# Calculo de Velocidad con Encoder



## Bis (Feb 5, 2010)

Que tal buen dia, espero me puedan ayudar,

Tengo un proyecto con un malacate, el cual voy a estar monitoreando su posicion con un encoder absoluoto (Modelo 842A de Allen Bradley), la duda k tengo es como puedo determinar la velocidad a la cual sube y baja por medio del encoder...estoy usando  RSLogix 5000 para hacer la correspondiente programacion..

Saludos


----------



## Eduardo (Feb 5, 2010)

Si queres medir velocidad no se para que usas un encoder absoluto.

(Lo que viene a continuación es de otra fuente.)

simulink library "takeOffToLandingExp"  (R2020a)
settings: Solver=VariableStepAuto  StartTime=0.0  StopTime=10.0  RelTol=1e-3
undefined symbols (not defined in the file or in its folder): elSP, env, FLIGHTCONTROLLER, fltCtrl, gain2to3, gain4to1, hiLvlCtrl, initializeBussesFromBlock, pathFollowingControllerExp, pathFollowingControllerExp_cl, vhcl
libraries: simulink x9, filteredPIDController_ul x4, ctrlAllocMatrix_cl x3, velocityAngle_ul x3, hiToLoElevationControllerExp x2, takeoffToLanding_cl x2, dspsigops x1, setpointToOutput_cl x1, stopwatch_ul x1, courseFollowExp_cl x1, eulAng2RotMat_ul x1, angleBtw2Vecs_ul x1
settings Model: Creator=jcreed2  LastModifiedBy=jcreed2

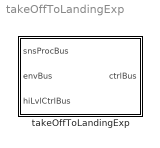
== system takeOffToLandingExp ==
  takeOffToLandingExp : Subsystem  LoadFcn=initializeBussesFromBlock(gcb)  InitFcn=initializeBussesFromBlock(gcb)  StartFcn=initializeBussesFromBlock(gcb)  mask{initPosForInitSStar=vhcl.initPosVecGnd.Value, fluidDensity=env.water.density.Value, pathCtrl=fltCtrl, aeroStruct=vhcl.struct('OCT.aeroSurf')}
      mask prompts: initPosForInitSStar "Initial Position"; fluidDensity "Fluid Density"; pathCtrl "Controller"; aeroStruct "Aerodynamic Structure"

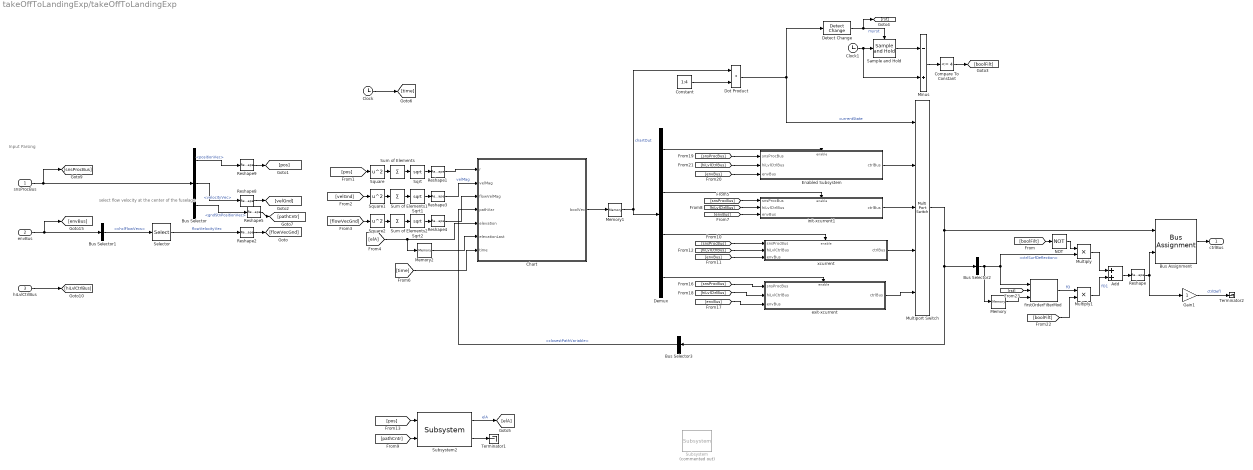
== system takeOffToLandingExp/takeOffToLandingExp ==
  note: select flow velocity at the center of the fuselage
  note: Input Parsing
  snsProcBus : Inport  OutDataTypeStr=Bus: sensorsProcessingBus
  envBus : Inport  Port=2  OutDataTypeStr=Bus: envBus
  hiLvlCtrlBus : Inport  Port=3  OutDataTypeStr=Bus: hiLvlCtrlBus
  Add : Sum
  Bus Assignment : BusAssignment  AssignedSignals=ctrlSurfDeflection
  Bus Selector : BusSelector  OutputSignals=positionVec,velocityVec,gndStnPositionVec
  Bus Selector1 : BusSelector  OutputSignals=vhclFlowVecs
  Bus Selector2 : BusSelector  OutputSignals=ctrlSurfDeflection
  Bus Selector3 : BusSelector  OutputSignals=closestPathVariable
  Chart : Stateflow chart  AncestorBlock=takeoffToLanding_cl/takeoffToLanding/Chart  TreatAsAtomicUnit=on  mask{nonCrossSpoolGain=2, gain41=gain4to1, gain23=gain2to3, maxR=3}
      mask prompts: nonCrossSpoolGain "non-xcurrent spool speed gain"; maxR "max kite position magnitude (r)"
  Clock : Clock
  Clock1 : Clock
  Compare To Constant : simulink/Logic and Bit Operations/Compare To Constant  relop=<=  const=4  OutDataTypeStr=boolean
  Constant : Constant  Value=1:4
  Demux : Demux
  Detect Change : simulink/Logic and Bit Operations/Detect Change  vinit=0  OutDataTypeStr=boolean
  Dot Product : DotProduct  InputSameDT=on  OutDataTypeStr=Inherit: Inherit via internal rule
  Enabled Subsystem : Subsystem  TreatAsAtomicUnit=on
  Gain1 : Gain
  Memory : Memory  InitialCondition=[0;0;0;0]
  Memory1 : Memory  InitialCondition=[1 0 0 0]
  Memory2 : Memory  InitialCondition=.36
  Minus : Sum  Inputs=-+
  Multiply : Product
  Multiply1 : Product
  Multiport Switch : MultiPortSwitch  Inputs=4  DataPortIndices={1,2,3,4,5,6}  DiagnosticForDefault=Warning
  NOT : Logic  Operator=NOT  AllPortsSameDT=off  OutDataTypeStr=boolean
  Reshape{,1,3..4} (4 alike) : Reshape
  Reshape{2,5,8..9} (4 alike) : Reshape  OutputDimensionality=Column vector (2-D)
  Sample and Hold : dspsigops/Sample and Hold  trig=Rising edge  initCond=0  latchinput=off
  Selector : Selector  NumberOfDimensions=2  InputPortWidth=3  IndexOptions=Select all,Index vector (dialog)  Indices=[1 3],5  OutputSizes=1,1
  Sqrt : Sqrt  SaturateOnIntegerOverflow=on
  Sqrt1 : Sqrt  SaturateOnIntegerOverflow=on
  Sqrt2 : Sqrt  SaturateOnIntegerOverflow=on
  Square : Math  Operator=square  SaturateOnIntegerOverflow=on
  Square1 : Math  Operator=square  SaturateOnIntegerOverflow=on
  Square2 : Math  Operator=square  SaturateOnIntegerOverflow=on
  Subsystem : takeoffToLanding_cl/takeoffToLanding/Subsystem  Commented=on  SystemSampleTime=-1  Latency=0  AutoFrameSizeCalculation=off
  Subsystem2 : hiToLoElevationControllerExp/hiToLoElevationControllerExp/Subsystem  SystemSampleTime=-1  Latency=0  AutoFrameSizeCalculation=off
  Sum of Elements : Sum  Inputs=+
  Sum of Elements1 : Sum  Inputs=+
  Sum of Elements2 : Sum  Inputs=+
  Terminator1 : Terminator
  Terminator2 : Terminator
  exit-xcurrent : Subsystem  AncestorBlock=takeoffToLanding_cl/takeoffToLanding/exit-xcurrent  TreatAsAtomicUnit=on
  "firstOrderFilterMod " : takeoffToLanding_cl/takeoffToLanding/firstOrderFilterMod   tau=10  ic=0
  init-xcurrent1 : Subsystem  AncestorBlock=takeoffToLanding_cl/takeoffToLanding/init-xcurrent  TreatAsAtomicUnit=on
  xcurrent : Subsystem  AncestorBlock=takeoffToLanding_cl/takeoffToLanding/xcurrent  TreatAsAtomicUnit=on
  ctrlBus : Outport  OutDataTypeStr=Bus: fltCtrlBus
  wires:
  [snsProcBus] -> exit-xcurrent/1(snsProcBus)
  [snsProcBus] -> Enabled Subsystem/1(snsProcBus)
  Reshape3/1 -> Chart/2(velMag)  "velMag"
  Multiport Switch/1 -> Bus Assignment/1, Bus Selector2/1, Bus Selector3/1
  Bus Selector2/1 -> Multiply/2, "firstOrderFilterMod "/1, Memory/1  "<ctrlSurfDeflection>"
  Multiply1/1 -> Add/2  "fO1"
  Memory1/1 -> Dot Product/1, Demux/1  "chartOut"
  Sum of Elements1/1 -> Sqrt1/1
  Clock/1 -> [time]
  Sqrt1/1 -> Reshape3/1
  [hiLvlCtrlBus] -> exit-xcurrent/2(hiLvlCtrlBus)
  [elA] -> Memory2/1, Chart/5(elevation)
  Square/1 -> Sum of Elements/1
  NOT/1 -> Multiply/1
  Reshape4/1 -> Chart/3(flowVelMag)
  Square1/1 -> Sum of Elements1/1
  Memory2/1 -> Chart/6(elevationLast)
  [time] -> Chart/7(time)
  Detect Change/1 -> [rst], Sample and Hold/Trigger  "myrst"
  Reshape/1 -> Gain1/1, Bus Assignment/2
  Square2/1 -> Sum of Elements2/1
  [velGnd] -> Square1/1
  snsProcBus/1 -> [snsProcBus], Bus Selector/1
  Multiply/1 -> Add/1
  Reshape8/1 -> [velGnd]
  hiLvlCtrlBus/1 -> [hiLvlCtrlBus]
  Bus Selector/2 -> Reshape8/1  "<velocityVec>"
  [flowVecGnd] -> Square2/1
  [boolFilt] -> NOT/1
  Sum of Elements/1 -> Sqrt/1
  Gain1/1 -> Terminator2/1  "ctrlDefl"
  Reshape1/1 -> Chart/1(r)
  [boolFilt] -> Multiply1/2
  Sqrt2/1 -> Reshape4/1
  Sqrt/1 -> Reshape1/1
  Minus/1 -> Compare To Constant/1
  Bus Selector3/1 -> Chart/4(pathVar)  "<closestPathVariable>"
  Reshape2/1 -> [flowVecGnd]
  Sum of Elements2/1 -> Sqrt2/1
  Bus Selector1/1 -> Selector/1  "<vhclFlowVecs>"
  Enabled Subsystem/1(ctrlBus) -> Multiport Switch/2
  Memory/1 -> "firstOrderFilterMod "/3
  Add/1 -> Reshape/1
  Clock1/1 -> Minus/2, Sample and Hold/1
  Compare To Constant/1 -> [boolFilt]
  [rst] -> "firstOrderFilterMod "/2
  Dot Product/1 -> Multiport Switch/1, Detect Change/1  "currentState"
  Chart/1(boolVec) -> Memory1/1
  Constant/1 -> Dot Product/2
  envBus/1 -> [envBus], Bus Selector1/1
  Sample and Hold/1 -> Minus/1
  "firstOrderFilterMod "/1 -> Multiply1/1  "fO"
  Reshape9/1 -> [pos]
  Bus Selector/1 -> Reshape9/1  "<positionVec>"
  Selector/1 -> Reshape2/1  "flowVelocityVec"
  [envBus] -> exit-xcurrent/3(envBus)
  [pos] -> Square/1
  [hiLvlCtrlBus] -> Enabled Subsystem/2(hiLvlCtrlBus)
  [envBus] -> Enabled Subsystem/3(envBus)
  [snsProcBus] -> xcurrent/1(snsProcBus)
  [hiLvlCtrlBus] -> xcurrent/2(hiLvlCtrlBus)
  [envBus] -> xcurrent/3(envBus)
  Bus Assignment/1 -> ctrlBus/1
  exit-xcurrent/1(ctrlBus) -> Multiport Switch/5
  xcurrent/1(ctrlBus) -> Multiport Switch/4
  init-xcurrent1/1(ctrlBus) -> Multiport Switch/3
  [snsProcBus] -> init-xcurrent1/1(snsProcBus)
  [hiLvlCtrlBus] -> init-xcurrent1/2(hiLvlCtrlBus)
  [envBus] -> init-xcurrent1/3(envBus)
  Demux/1 -> Enabled Subsystem/Enable
  Demux/2 -> init-xcurrent1/Enable
  Demux/3 -> xcurrent/Enable
  Demux/4 -> exit-xcurrent/Enable
  Subsystem2/1 -> [elA]  "elA"
  [pos] -> Subsystem2/1
  [pathCntr] -> Subsystem2/2
  Subsystem2/2 -> Terminator1/1
  Bus Selector/3 -> Reshape5/1  "<gndStnPositionVec>"
  Reshape5/1 -> [pathCntr]

== system takeOffToLandingExp/takeOffToLandingExp/Enabled Subsystem ==
  snsProcBus : Inport  OutDataTypeStr=Bus: sensorsProcessingBus
  hiLvlCtrlBus : Inport  Port=2  OutDataTypeStr=Bus: hiLvlCtrlBus
  envBus : Inport  Port=3  OutDataTypeStr=Bus: envBus
  Enable : EnablePort
  hiToLoElevationControllerExp : Subsystem  AncestorBlock=hiToLoElevationControllerExp/hiToLoElevationControllerExp  LoadFcn=initializeBussesFromBlock(gcb)  InitFcn=initializeBussesFromBlock(gcb)  StartFcn=initializeBussesFromBlock(gcb)  mask{initPosForInitSStar=vhcl.initPosVecGnd.Value, fluidDensity=env.water.density.Value, pathCtrl=fltCtrl, aeroStruct=vhcl.struct('OCT.aeroSurf'), thrAttach=vhcl.rBridle_LE.Value}
      mask prompts: initPosForInitSStar "Initial Position"; fluidDensity "Fluid Density"; pathCtrl "Controller"; aeroStruct "Aerodynamic Structure"; thrAttach "Tether Attach Point"
      mask DialogControl Container3 Prompt: courseFollow Params
      mask DialogControl Container4 Prompt: setpointToOutput Params
  ctrlBus : Outport  OutDataTypeStr=Bus: fltCtrlBus  VectorParamsAs1DForOutWhenUnconnected=off
  wires:
  envBus/1 -> hiToLoElevationControllerExp/3(envBus)
  hiLvlCtrlBus/1 -> hiToLoElevationControllerExp/2(hiLvlCtrlBus)
  hiToLoElevationControllerExp/1(ctrlBus) -> ctrlBus/1
  snsProcBus/1 -> hiToLoElevationControllerExp/1(snsProcBus)

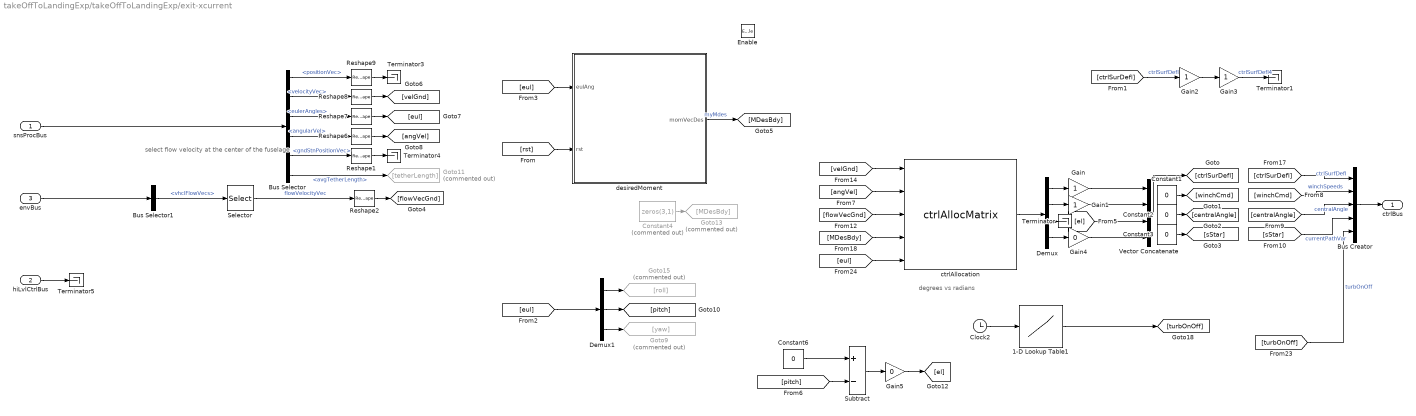
== system takeOffToLandingExp/takeOffToLandingExp/exit-xcurrent ==
  note: select flow velocity at the center of the fuselage
  note: degrees vs radians
  snsProcBus : Inport  OutDataTypeStr=Bus: sensorsProcessingBus
  hiLvlCtrlBus : Inport  Port=2  OutDataTypeStr=Bus: hiLvlCtrlBus
  envBus : Inport  Port=3  OutDataTypeStr=Bus: envBus
  Enable : EnablePort
  1-D Lookup Table1 : Lookup_n-D  NumberOfTableDimensions=1  BreakpointsForDimension1=[0 1000 2000]  Table=[0 0 0]  InterpMethod=Flat  InternalRulePriority=Speed  RndMeth=Simplest  InputSameDT=on
  Bus Creator : BusCreator  Inputs=5  OutDataTypeStr=Bus: fltCtrlBus
      settings: InheritFromInputs=off
  Bus Selector : BusSelector  OutputSignals=positionVec,velocityVec,eulerAngles,angularVel,gndStnPositionVec,avgTetherLength
  Bus Selector1 : BusSelector  OutputSignals=vhclFlowVecs
  Clock2 : Clock
  Constant{1..3,6} (4 alike) : Constant  Value=0
  Constant4 : Constant  Commented=on  Value=zeros(3,1)
  Demux : Demux
  Demux1 : Demux  Outputs=3
  Gain{,1..3} (4 alike) : Gain
  Gain4 : Gain  Gain=0
  Gain5 : Gain  Gain=0
  Goto11 : Goto  Commented=on  GotoTag=tetherLength
  Goto13 : Goto  Commented=on  GotoTag=MDesBdy
  Goto15 : Goto  Commented=on  GotoTag=roll
  Goto9 : Goto  Commented=on  GotoTag=yaw
  Reshape{1..2,6..9} (6 alike) : Reshape  OutputDimensionality=Column vector (2-D)
  Selector : Selector  NumberOfDimensions=2  InputPortWidth=3  IndexOptions=Select all,Index vector (dialog)  Indices=[1 3],5  OutputSizes=1,1
  Subtract : Sum  Inputs=+-
  Terminator{,1,3..5} (5 alike) : Terminator
  Vector Concatenate : Concatenate  NumInputs=4
  ctrlAllocation : ctrlAllocMatrix_cl/ctrlAllocMatrix  aeroStruct=aeroStruct  fluidDensity=fluidDensity
  desiredMoment : Subsystem  AncestorBlock=takeoffToLanding_cl/takeoffToLanding/non-xcurrent/desiredMoment
  ctrlBus : Outport  OutDataTypeStr=Bus: fltCtrlBus  VectorParamsAs1DForOutWhenUnconnected=off
  wires:
  Demux/3 -> Terminator/1
  [el] -> Vector Concatenate/3
  hiLvlCtrlBus/1 -> Terminator5/1
  Constant4/1 -> Goto13/1
  Demux/4 -> Gain4/1
  Demux/2 -> Gain1/1
  Demux/1 -> Gain/1
  Vector Concatenate/1 -> [ctrlSurDefl]
  ctrlAllocation/1 -> Demux/1
  Bus Selector/6 -> Goto11/1  "<avgTetherLength>"
  [velGnd] -> ctrlAllocation/1
  [MDesBdy] -> ctrlAllocation/4
  [eul] -> ctrlAllocation/5
  [angVel] -> ctrlAllocation/2
  [flowVecGnd] -> ctrlAllocation/3
  Reshape6/1 -> [angVel]
  snsProcBus/1 -> Bus Selector/1
  Reshape1/1 -> Terminator4/1
  envBus/1 -> Bus Selector1/1
  Bus Selector1/1 -> Selector/1  "<vhclFlowVecs>"
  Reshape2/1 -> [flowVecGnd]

Tenes que usar un incremental y llevar un contador--> a intervalos regulares lees el contador, haces la diferencia con la lectura anterior y multiplicas por una constante de escala.


----------



## Bis (Feb 5, 2010)

Si te entiendo y tienes toda la razon, el problema es k en este momento tienen los encoders incrementales funcionando y desean cambiarlos a encoders absolutos...por eso mi duda con los encoder absoluotos


----------



## Eduardo (Feb 5, 2010)

En ese caso vas a tener que averiguar mas sobre lo que van a instalar. El 842A tiene una salida serie que tiene que conectarse a una entrada "SSI compatible".
Si el PLC contempla esto entonces lo que tenes que hacer es lo mismo que antes, solamente que en lugar de un contador estas leyendo la variable directamente.


----------



## Bis (Feb 5, 2010)

De hecho estoy utilizando una tarjeta k convierte SSI a paralelo y me manda a la tarjeta de PLC el codigo binario en 24 bits (12 para numero de vueltas y 12 para el numero de cuentas por vuelta). Se supone k en el plc voy a leer una posicion exacta del malacate relacionada al codigo binario, pero aki la cuestion es como poder determinar la velocidad a la cual se esta moviendo, ya le esrtuve pensando pero no veo como poder resolver esto..


----------



## todoestaalrevez (Abr 14, 2010)

Hola, yo and en algo parecido, pero no se como leer la entrada de un encoder absoluto en un micrologix 1200, alguien me puede guiar?


----------